*Entries provided*

┄┄┄┄┄┄

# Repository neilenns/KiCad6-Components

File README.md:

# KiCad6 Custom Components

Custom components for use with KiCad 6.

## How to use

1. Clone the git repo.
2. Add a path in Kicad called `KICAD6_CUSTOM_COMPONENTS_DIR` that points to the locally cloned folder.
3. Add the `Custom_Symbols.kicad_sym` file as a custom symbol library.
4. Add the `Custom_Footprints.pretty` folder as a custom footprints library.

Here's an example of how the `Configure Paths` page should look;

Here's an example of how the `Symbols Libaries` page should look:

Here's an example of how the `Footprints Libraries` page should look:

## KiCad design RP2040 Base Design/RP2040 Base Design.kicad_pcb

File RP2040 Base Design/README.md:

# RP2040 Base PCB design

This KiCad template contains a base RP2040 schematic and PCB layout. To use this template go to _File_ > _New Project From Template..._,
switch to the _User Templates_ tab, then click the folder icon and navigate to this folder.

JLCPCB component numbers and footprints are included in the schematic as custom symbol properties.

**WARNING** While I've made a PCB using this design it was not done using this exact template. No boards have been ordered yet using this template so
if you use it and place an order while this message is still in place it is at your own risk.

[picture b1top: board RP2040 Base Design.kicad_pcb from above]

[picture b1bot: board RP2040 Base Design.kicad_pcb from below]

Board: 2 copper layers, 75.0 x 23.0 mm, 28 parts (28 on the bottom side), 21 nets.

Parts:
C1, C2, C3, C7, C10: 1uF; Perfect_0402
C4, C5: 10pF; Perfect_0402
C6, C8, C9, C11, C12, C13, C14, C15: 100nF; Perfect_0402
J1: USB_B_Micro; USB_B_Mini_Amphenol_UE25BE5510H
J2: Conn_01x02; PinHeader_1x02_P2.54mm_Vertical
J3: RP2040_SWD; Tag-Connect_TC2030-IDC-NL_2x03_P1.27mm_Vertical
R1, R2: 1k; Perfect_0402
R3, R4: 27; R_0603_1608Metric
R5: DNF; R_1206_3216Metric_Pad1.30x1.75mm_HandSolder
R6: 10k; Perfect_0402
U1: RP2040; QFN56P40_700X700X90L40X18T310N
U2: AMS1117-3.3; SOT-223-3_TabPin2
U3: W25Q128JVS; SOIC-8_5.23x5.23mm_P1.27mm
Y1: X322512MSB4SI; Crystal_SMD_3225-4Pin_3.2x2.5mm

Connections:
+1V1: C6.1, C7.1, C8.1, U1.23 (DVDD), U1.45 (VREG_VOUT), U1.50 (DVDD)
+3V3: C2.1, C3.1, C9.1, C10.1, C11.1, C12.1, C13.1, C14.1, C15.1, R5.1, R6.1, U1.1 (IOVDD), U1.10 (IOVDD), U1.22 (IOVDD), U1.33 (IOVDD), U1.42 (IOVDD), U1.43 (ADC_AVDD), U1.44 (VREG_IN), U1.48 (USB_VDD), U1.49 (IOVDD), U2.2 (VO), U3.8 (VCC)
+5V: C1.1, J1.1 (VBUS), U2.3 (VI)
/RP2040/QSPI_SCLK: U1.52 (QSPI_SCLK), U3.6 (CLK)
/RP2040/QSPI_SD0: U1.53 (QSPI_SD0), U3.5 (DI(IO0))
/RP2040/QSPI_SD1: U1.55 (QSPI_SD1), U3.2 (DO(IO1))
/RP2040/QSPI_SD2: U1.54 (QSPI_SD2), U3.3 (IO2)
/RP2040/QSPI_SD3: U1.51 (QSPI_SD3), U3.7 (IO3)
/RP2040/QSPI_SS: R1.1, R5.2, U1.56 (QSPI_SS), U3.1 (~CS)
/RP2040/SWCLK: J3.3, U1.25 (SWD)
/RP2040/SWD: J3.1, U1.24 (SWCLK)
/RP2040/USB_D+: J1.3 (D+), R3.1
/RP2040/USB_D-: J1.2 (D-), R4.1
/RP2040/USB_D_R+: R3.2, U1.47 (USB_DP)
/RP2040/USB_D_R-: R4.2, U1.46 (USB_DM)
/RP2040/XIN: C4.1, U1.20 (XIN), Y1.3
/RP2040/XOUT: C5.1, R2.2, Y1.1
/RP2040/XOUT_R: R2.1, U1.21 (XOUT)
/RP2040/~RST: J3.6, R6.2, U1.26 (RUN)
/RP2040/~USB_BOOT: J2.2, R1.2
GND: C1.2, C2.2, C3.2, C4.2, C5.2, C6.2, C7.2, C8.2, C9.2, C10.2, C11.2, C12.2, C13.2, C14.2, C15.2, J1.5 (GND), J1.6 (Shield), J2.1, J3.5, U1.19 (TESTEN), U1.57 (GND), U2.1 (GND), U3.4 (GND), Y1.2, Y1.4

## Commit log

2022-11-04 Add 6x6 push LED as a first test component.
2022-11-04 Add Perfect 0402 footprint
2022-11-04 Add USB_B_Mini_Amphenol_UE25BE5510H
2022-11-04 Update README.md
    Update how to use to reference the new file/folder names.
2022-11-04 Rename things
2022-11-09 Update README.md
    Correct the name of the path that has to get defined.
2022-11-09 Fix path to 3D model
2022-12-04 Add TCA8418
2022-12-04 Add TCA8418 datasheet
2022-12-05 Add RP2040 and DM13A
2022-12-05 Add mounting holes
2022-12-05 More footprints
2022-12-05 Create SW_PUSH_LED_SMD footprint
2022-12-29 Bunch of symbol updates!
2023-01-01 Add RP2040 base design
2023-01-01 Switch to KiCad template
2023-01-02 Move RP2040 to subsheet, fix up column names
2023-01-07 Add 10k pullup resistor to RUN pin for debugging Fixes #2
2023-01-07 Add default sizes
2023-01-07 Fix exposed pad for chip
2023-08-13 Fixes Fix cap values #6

┄┄┄┄┄┄

Retype each of the records, word for word, with nothing added or dropped.

# Repository neilenns/KiCad6-Components

File README.md:

# KiCad6 Custom Components

Custom components for use with KiCad 6.

## How to use

1. Clone the git repo.
2. Add a path in Kicad called `KICAD6_CUSTOM_COMPONENTS_DIR` that points to the locally cloned folder.
3. Add the `Custom_Symbols.kicad_sym` file as a custom symbol library.
4. Add the `Custom_Footprints.pretty` folder as a custom footprints library.

Here's an example of how the `Configure Paths` page should look;

Here's an example of how the `Symbols Libaries` page should look:

Here's an example of how the `Footprints Libraries` page should look:

## KiCad design RP2040 Base Design/RP2040 Base Design.kicad_pcb

File RP2040 Base Design/README.md:

# RP2040 Base PCB design

This KiCad template contains a base RP2040 schematic and PCB layout. To use this template go to _File_ > _New Project From Template..._,
switch to the _User Templates_ tab, then click the folder icon and navigate to this folder.

JLCPCB component numbers and footprints are included in the schematic as custom symbol properties.

**WARNING** While I've made a PCB using this design it was not done using this exact template. No boards have been ordered yet using this template so
if you use it and place an order while this message is still in place it is at your own risk.

[picture b1top: board RP2040 Base Design.kicad_pcb from above]

[picture b1bot: board RP2040 Base Design.kicad_pcb from below]

Board: 2 copper layers, 75.0 x 23.0 mm, 28 parts (28 on the bottom side), 21 nets.

Parts:
C1, C2, C3, C7, C10: 1uF; Perfect_0402
C4, C5: 10pF; Perfect_0402
C6, C8, C9, C11, C12, C13, C14, C15: 100nF; Perfect_0402
J1: USB_B_Micro; USB_B_Mini_Amphenol_UE25BE5510H
J2: Conn_01x02; PinHeader_1x02_P2.54mm_Vertical
J3: RP2040_SWD; Tag-Connect_TC2030-IDC-NL_2x03_P1.27mm_Vertical
R1, R2: 1k; Perfect_0402
R3, R4: 27; R_0603_1608Metric
R5: DNF; R_1206_3216Metric_Pad1.30x1.75mm_HandSolder
R6: 10k; Perfect_0402
U1: RP2040; QFN56P40_700X700X90L40X18T310N
U2: AMS1117-3.3; SOT-223-3_TabPin2
U3: W25Q128JVS; SOIC-8_5.23x5.23mm_P1.27mm
Y1: X322512MSB4SI; Crystal_SMD_3225-4Pin_3.2x2.5mm

Connections:
+1V1: C6.1, C7.1, C8.1, U1.23 (DVDD), U1.45 (VREG_VOUT), U1.50 (DVDD)
+3V3: C2.1, C3.1, C9.1, C10.1, C11.1, C12.1, C13.1, C14.1, C15.1, R5.1, R6.1, U1.1 (IOVDD), U1.10 (IOVDD), U1.22 (IOVDD), U1.33 (IOVDD), U1.42 (IOVDD), U1.43 (ADC_AVDD), U1.44 (VREG_IN), U1.48 (USB_VDD), U1.49 (IOVDD), U2.2 (VO), U3.8 (VCC)
+5V: C1.1, J1.1 (VBUS), U2.3 (VI)
/RP2040/QSPI_SCLK: U1.52 (QSPI_SCLK), U3.6 (CLK)
/RP2040/QSPI_SD0: U1.53 (QSPI_SD0), U3.5 (DI(IO0))
/RP2040/QSPI_SD1: U1.55 (QSPI_SD1), U3.2 (DO(IO1))
/RP2040/QSPI_SD2: U1.54 (QSPI_SD2), U3.3 (IO2)
/RP2040/QSPI_SD3: U1.51 (QSPI_SD3), U3.7 (IO3)
/RP2040/QSPI_SS: R1.1, R5.2, U1.56 (QSPI_SS), U3.1 (~CS)
/RP2040/SWCLK: J3.3, U1.25 (SWD)
/RP2040/SWD: J3.1, U1.24 (SWCLK)
/RP2040/USB_D+: J1.3 (D+), R3.1
/RP2040/USB_D-: J1.2 (D-), R4.1
/RP2040/USB_D_R+: R3.2, U1.47 (USB_DP)
/RP2040/USB_D_R-: R4.2, U1.46 (USB_DM)
/RP2040/XIN: C4.1, U1.20 (XIN), Y1.3
/RP2040/XOUT: C5.1, R2.2, Y1.1
/RP2040/XOUT_R: R2.1, U1.21 (XOUT)
/RP2040/~RST: J3.6, R6.2, U1.26 (RUN)
/RP2040/~USB_BOOT: J2.2, R1.2
GND: C1.2, C2.2, C3.2, C4.2, C5.2, C6.2, C7.2, C8.2, C9.2, C10.2, C11.2, C12.2, C13.2, C14.2, C15.2, J1.5 (GND), J1.6 (Shield), J2.1, J3.5, U1.19 (TESTEN), U1.57 (GND), U2.1 (GND), U3.4 (GND), Y1.2, Y1.4

## Commit log

2022-11-04 Add 6x6 push LED as a first test component.
2022-11-04 Add Perfect 0402 footprint
2022-11-04 Add USB_B_Mini_Amphenol_UE25BE5510H
2022-11-04 Update README.md
    Update how to use to reference the new file/folder names.
2022-11-04 Rename things
2022-11-09 Update README.md
    Correct the name of the path that has to get defined.
2022-11-09 Fix path to 3D model
2022-12-04 Add TCA8418
2022-12-04 Add TCA8418 datasheet
2022-12-05 Add RP2040 and DM13A
2022-12-05 Add mounting holes
2022-12-05 More footprints
2022-12-05 Create SW_PUSH_LED_SMD footprint
2022-12-29 Bunch of symbol updates!
2023-01-01 Add RP2040 base design
2023-01-01 Switch to KiCad template
2023-01-02 Move RP2040 to subsheet, fix up column names
2023-01-07 Add 10k pullup resistor to RUN pin for debugging Fixes #2
2023-01-07 Add default sizes
2023-01-07 Fix exposed pad for chip
2023-08-13 Fixes Fix cap values #6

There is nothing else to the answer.